- **Dataset entries**:
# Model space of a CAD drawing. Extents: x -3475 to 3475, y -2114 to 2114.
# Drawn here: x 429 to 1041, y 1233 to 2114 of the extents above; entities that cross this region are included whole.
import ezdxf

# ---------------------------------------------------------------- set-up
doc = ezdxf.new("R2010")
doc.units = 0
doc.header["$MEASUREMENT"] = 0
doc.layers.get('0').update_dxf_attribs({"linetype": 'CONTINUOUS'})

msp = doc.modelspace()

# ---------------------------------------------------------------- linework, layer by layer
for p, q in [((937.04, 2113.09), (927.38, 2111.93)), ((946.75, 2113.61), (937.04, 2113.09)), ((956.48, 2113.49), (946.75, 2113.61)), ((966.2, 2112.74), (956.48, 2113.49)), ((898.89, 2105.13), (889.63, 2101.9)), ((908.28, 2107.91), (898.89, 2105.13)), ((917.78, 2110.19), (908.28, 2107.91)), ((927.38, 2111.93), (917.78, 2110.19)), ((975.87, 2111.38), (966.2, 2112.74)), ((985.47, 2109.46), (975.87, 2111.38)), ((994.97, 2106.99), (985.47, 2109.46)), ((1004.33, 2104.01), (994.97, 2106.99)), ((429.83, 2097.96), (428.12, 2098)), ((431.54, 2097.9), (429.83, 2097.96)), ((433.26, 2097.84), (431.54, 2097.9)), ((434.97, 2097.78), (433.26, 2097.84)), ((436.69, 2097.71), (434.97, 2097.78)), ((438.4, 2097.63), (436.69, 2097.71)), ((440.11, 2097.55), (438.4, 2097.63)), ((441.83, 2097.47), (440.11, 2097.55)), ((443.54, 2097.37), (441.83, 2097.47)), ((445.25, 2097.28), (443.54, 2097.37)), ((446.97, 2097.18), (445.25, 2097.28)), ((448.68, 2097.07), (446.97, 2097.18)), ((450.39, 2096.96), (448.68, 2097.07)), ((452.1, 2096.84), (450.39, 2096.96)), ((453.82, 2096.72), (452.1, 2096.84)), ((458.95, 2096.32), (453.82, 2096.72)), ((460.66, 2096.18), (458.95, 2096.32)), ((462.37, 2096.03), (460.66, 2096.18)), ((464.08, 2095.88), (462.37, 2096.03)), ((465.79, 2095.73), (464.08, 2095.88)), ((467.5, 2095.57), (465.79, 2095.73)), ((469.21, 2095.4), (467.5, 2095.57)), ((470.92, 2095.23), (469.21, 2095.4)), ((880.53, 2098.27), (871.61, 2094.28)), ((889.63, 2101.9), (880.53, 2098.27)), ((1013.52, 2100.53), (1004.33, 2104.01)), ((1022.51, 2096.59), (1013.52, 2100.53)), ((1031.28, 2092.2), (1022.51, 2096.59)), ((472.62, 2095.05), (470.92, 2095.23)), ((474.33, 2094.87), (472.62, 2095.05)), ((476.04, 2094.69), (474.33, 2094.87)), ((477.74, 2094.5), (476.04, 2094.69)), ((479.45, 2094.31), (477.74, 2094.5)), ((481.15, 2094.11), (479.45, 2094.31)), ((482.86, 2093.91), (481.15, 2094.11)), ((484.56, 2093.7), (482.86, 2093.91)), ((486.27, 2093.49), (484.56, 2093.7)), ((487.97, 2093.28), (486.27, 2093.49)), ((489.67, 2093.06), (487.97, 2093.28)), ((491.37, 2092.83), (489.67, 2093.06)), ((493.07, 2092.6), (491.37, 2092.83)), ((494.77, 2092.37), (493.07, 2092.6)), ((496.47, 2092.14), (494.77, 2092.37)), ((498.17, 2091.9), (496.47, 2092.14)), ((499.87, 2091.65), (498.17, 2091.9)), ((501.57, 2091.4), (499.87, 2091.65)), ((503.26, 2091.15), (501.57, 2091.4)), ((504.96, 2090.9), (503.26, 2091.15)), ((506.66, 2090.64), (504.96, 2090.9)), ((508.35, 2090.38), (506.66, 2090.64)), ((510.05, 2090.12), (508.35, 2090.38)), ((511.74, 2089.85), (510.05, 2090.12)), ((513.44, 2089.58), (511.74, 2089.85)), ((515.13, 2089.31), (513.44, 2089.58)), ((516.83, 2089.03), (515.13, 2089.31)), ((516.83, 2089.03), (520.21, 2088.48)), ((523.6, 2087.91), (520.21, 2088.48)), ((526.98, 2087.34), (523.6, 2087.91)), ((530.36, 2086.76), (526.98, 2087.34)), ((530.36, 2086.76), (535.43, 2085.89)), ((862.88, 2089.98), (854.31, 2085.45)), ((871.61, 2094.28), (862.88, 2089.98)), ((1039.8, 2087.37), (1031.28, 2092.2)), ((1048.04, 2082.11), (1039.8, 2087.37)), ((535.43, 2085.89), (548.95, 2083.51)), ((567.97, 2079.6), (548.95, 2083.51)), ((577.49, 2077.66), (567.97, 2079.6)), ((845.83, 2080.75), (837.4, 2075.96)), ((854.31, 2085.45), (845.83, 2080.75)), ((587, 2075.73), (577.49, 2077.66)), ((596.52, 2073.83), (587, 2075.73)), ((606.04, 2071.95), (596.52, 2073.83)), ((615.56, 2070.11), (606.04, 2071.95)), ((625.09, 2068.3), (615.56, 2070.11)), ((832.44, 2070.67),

- **Assignment**: Of all the entries above, repeat only the lines from the line that has "doc.units = 0" to the line that has "layer by layer", both lines included, exactly.

- **Exercise result**:
doc.units = 0
doc.header["$MEASUREMENT"] = 0
doc.layers.get('0').update_dxf_attribs({"linetype": 'CONTINUOUS'})

msp = doc.modelspace()

# ---------------------------------------------------------------- linework, layer by layer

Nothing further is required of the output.